*WHAT IS NEEDED*. Somewhere below are a line with "#80=VECTOR('',#79,1.);" and a later line with "#110=VERTEX_POINT('',#109);". Output exactly those lines and all lines between them.

── SOURCE RECORDS ──

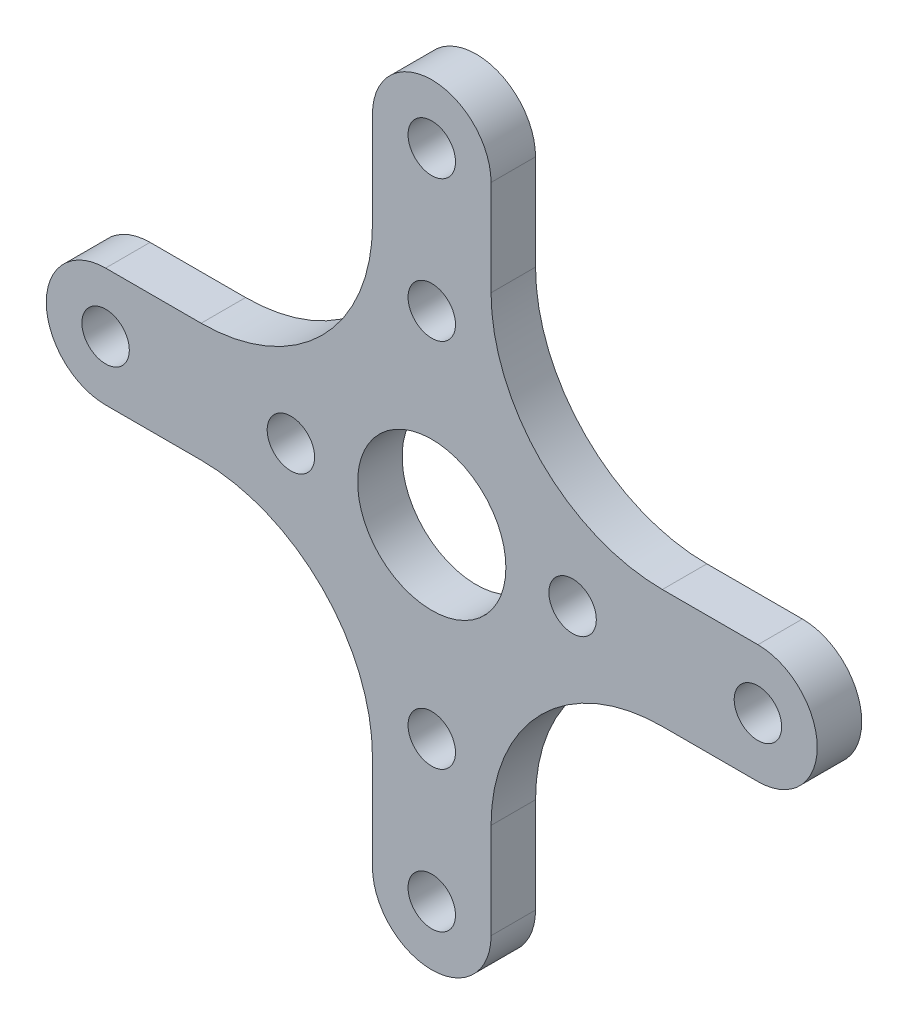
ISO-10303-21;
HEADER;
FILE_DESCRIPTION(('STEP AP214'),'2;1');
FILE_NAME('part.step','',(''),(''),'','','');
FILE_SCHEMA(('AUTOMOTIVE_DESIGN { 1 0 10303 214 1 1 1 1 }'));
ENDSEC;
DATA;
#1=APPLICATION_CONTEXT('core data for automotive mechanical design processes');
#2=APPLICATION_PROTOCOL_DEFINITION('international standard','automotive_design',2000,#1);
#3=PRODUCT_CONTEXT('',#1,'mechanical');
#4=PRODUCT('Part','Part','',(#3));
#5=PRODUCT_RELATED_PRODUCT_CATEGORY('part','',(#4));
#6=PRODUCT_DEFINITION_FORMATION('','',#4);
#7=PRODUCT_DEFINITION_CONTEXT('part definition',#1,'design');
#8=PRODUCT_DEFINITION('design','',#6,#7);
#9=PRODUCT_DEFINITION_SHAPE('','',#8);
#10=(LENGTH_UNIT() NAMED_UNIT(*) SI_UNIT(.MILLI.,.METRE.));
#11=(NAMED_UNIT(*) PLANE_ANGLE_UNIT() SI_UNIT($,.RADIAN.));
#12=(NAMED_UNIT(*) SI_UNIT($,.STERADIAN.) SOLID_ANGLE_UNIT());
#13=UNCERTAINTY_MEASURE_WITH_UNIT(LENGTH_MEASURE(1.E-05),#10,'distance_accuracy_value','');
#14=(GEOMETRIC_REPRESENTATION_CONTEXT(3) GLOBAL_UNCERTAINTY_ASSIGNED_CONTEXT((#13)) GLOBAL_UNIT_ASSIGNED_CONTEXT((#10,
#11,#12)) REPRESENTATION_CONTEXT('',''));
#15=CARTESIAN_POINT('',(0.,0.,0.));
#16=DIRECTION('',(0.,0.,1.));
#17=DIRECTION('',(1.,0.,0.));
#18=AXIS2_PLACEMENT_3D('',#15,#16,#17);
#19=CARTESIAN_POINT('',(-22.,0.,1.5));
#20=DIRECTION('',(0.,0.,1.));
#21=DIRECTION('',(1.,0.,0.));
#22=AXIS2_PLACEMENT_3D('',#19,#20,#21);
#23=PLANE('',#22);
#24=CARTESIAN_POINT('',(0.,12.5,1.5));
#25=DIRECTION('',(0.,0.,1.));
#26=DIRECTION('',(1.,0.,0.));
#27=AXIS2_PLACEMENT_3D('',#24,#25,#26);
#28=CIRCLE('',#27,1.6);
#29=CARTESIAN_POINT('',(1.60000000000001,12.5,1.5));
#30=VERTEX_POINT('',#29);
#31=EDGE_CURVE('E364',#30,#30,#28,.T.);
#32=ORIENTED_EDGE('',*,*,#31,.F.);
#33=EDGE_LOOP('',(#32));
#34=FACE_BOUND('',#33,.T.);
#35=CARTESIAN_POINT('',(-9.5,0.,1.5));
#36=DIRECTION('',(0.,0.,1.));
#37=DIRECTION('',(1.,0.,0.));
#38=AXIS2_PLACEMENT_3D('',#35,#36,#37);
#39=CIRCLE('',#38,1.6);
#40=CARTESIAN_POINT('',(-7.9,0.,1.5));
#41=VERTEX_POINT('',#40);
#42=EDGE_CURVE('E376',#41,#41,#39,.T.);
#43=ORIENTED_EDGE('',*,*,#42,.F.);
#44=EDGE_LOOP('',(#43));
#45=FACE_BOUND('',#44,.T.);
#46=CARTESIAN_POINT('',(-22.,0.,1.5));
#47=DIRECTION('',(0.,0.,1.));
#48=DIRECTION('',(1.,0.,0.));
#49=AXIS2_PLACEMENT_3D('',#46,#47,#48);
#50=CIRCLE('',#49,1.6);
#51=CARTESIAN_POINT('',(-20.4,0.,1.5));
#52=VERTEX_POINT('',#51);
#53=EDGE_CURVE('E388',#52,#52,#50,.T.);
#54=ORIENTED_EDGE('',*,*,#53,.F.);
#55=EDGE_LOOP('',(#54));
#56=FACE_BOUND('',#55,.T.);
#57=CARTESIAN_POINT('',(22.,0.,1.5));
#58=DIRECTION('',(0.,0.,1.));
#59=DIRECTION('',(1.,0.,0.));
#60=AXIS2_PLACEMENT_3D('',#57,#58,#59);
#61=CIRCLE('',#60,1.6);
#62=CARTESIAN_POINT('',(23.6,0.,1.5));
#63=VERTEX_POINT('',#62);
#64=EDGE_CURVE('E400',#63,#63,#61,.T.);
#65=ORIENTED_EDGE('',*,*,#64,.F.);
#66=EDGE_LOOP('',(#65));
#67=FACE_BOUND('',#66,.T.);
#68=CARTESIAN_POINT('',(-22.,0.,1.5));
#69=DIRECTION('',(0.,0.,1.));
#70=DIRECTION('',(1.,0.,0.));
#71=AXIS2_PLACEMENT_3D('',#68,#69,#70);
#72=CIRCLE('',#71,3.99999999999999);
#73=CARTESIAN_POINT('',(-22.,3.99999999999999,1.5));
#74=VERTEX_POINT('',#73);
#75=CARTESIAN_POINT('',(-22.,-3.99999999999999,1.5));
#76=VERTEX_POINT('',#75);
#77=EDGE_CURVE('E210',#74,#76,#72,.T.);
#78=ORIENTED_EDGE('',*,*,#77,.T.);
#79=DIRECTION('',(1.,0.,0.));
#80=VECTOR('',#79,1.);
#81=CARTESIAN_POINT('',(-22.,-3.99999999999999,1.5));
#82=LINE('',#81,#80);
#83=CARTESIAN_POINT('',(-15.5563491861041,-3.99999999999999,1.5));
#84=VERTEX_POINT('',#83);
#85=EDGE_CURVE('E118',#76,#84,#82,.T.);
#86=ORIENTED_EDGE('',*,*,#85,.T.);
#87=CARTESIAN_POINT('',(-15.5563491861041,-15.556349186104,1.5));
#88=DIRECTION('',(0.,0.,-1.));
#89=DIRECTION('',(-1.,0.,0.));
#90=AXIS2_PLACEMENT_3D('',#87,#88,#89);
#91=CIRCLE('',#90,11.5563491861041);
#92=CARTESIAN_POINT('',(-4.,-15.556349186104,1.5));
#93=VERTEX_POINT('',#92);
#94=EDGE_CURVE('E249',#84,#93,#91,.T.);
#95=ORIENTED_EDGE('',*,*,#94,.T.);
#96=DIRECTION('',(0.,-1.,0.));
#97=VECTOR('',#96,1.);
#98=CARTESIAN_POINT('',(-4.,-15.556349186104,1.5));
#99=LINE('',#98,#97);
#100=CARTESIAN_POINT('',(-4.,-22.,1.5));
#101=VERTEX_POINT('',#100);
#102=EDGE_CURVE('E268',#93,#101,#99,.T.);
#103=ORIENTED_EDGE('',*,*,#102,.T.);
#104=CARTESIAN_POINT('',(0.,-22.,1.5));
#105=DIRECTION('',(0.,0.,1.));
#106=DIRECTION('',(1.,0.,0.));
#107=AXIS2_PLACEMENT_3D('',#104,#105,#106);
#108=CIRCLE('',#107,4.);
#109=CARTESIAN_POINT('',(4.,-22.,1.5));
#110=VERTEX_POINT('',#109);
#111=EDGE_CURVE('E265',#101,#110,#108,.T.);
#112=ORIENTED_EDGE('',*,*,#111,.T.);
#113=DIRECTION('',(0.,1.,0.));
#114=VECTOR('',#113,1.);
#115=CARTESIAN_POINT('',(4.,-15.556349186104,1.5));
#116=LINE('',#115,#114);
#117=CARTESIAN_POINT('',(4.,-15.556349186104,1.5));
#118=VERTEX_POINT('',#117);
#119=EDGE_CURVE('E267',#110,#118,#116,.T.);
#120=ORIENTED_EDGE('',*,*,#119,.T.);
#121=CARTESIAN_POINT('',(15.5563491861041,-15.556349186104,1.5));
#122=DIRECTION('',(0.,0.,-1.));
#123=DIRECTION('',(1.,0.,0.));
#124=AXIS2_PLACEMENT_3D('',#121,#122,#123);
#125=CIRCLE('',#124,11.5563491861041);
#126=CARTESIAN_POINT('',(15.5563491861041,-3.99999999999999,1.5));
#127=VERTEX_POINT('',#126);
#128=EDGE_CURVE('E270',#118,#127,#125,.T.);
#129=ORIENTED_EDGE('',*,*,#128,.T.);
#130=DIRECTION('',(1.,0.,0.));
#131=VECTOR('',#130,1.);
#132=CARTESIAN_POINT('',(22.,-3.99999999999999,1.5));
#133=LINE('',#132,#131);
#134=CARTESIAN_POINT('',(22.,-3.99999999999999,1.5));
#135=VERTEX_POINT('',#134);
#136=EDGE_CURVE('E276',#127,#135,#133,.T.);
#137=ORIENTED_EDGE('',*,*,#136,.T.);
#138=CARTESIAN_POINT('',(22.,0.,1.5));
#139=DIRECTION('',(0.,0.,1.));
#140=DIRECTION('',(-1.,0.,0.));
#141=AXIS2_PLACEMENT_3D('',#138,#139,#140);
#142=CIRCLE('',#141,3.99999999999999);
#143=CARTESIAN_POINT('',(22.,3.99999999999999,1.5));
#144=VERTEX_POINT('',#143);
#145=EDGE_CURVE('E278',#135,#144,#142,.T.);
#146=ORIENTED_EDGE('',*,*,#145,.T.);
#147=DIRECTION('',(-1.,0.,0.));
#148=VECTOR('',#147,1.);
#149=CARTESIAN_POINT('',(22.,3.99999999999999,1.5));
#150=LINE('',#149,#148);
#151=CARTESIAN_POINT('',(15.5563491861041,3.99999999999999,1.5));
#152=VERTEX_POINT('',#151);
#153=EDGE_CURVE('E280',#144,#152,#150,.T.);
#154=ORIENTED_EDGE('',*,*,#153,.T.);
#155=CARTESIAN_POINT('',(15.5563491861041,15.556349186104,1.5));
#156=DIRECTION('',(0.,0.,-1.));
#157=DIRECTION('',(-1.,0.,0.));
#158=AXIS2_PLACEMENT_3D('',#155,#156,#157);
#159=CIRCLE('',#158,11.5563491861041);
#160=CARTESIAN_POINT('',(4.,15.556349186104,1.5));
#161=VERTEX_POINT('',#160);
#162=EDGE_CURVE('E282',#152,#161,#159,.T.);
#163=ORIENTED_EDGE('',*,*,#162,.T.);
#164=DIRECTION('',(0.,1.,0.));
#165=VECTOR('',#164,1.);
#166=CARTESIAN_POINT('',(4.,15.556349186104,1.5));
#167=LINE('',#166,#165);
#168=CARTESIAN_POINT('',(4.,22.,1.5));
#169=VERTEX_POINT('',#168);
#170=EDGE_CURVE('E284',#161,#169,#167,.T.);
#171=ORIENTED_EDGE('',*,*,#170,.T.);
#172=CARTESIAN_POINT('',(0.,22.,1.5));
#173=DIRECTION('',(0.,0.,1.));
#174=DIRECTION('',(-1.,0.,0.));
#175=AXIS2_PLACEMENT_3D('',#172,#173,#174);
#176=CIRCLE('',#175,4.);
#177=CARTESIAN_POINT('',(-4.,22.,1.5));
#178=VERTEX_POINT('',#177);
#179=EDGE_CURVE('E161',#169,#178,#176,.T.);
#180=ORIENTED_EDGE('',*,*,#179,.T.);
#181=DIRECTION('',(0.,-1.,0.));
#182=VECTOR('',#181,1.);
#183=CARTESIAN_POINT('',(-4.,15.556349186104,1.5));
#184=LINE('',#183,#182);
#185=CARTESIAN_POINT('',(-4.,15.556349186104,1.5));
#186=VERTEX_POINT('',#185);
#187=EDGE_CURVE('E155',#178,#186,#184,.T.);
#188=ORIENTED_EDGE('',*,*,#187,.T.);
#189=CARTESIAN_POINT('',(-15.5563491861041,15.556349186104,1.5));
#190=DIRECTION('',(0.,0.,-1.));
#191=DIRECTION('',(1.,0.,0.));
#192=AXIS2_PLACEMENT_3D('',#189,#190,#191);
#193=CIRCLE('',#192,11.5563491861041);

───

*THE ANSWER*.
#80=VECTOR('',#79,1.);
#81=CARTESIAN_POINT('',(-22.,-3.99999999999999,1.5));
#82=LINE('',#81,#80);
#83=CARTESIAN_POINT('',(-15.5563491861041,-3.99999999999999,1.5));
#84=VERTEX_POINT('',#83);
#85=EDGE_CURVE('E118',#76,#84,#82,.T.);
#86=ORIENTED_EDGE('',*,*,#85,.T.);
#87=CARTESIAN_POINT('',(-15.5563491861041,-15.556349186104,1.5));
#88=DIRECTION('',(0.,0.,-1.));
#89=DIRECTION('',(-1.,0.,0.));
#90=AXIS2_PLACEMENT_3D('',#87,#88,#89);
#91=CIRCLE('',#90,11.5563491861041);
#92=CARTESIAN_POINT('',(-4.,-15.556349186104,1.5));
#93=VERTEX_POINT('',#92);
#94=EDGE_CURVE('E249',#84,#93,#91,.T.);
#95=ORIENTED_EDGE('',*,*,#94,.T.);
#96=DIRECTION('',(0.,-1.,0.));
#97=VECTOR('',#96,1.);
#98=CARTESIAN_POINT('',(-4.,-15.556349186104,1.5));
#99=LINE('',#98,#97);
#100=CARTESIAN_POINT('',(-4.,-22.,1.5));
#101=VERTEX_POINT('',#100);
#102=EDGE_CURVE('E268',#93,#101,#99,.T.);
#103=ORIENTED_EDGE('',*,*,#102,.T.);
#104=CARTESIAN_POINT('',(0.,-22.,1.5));
#105=DIRECTION('',(0.,0.,1.));
#106=DIRECTION('',(1.,0.,0.));
#107=AXIS2_PLACEMENT_3D('',#104,#105,#106);
#108=CIRCLE('',#107,4.);
#109=CARTESIAN_POINT('',(4.,-22.,1.5));
#110=VERTEX_POINT('',#109);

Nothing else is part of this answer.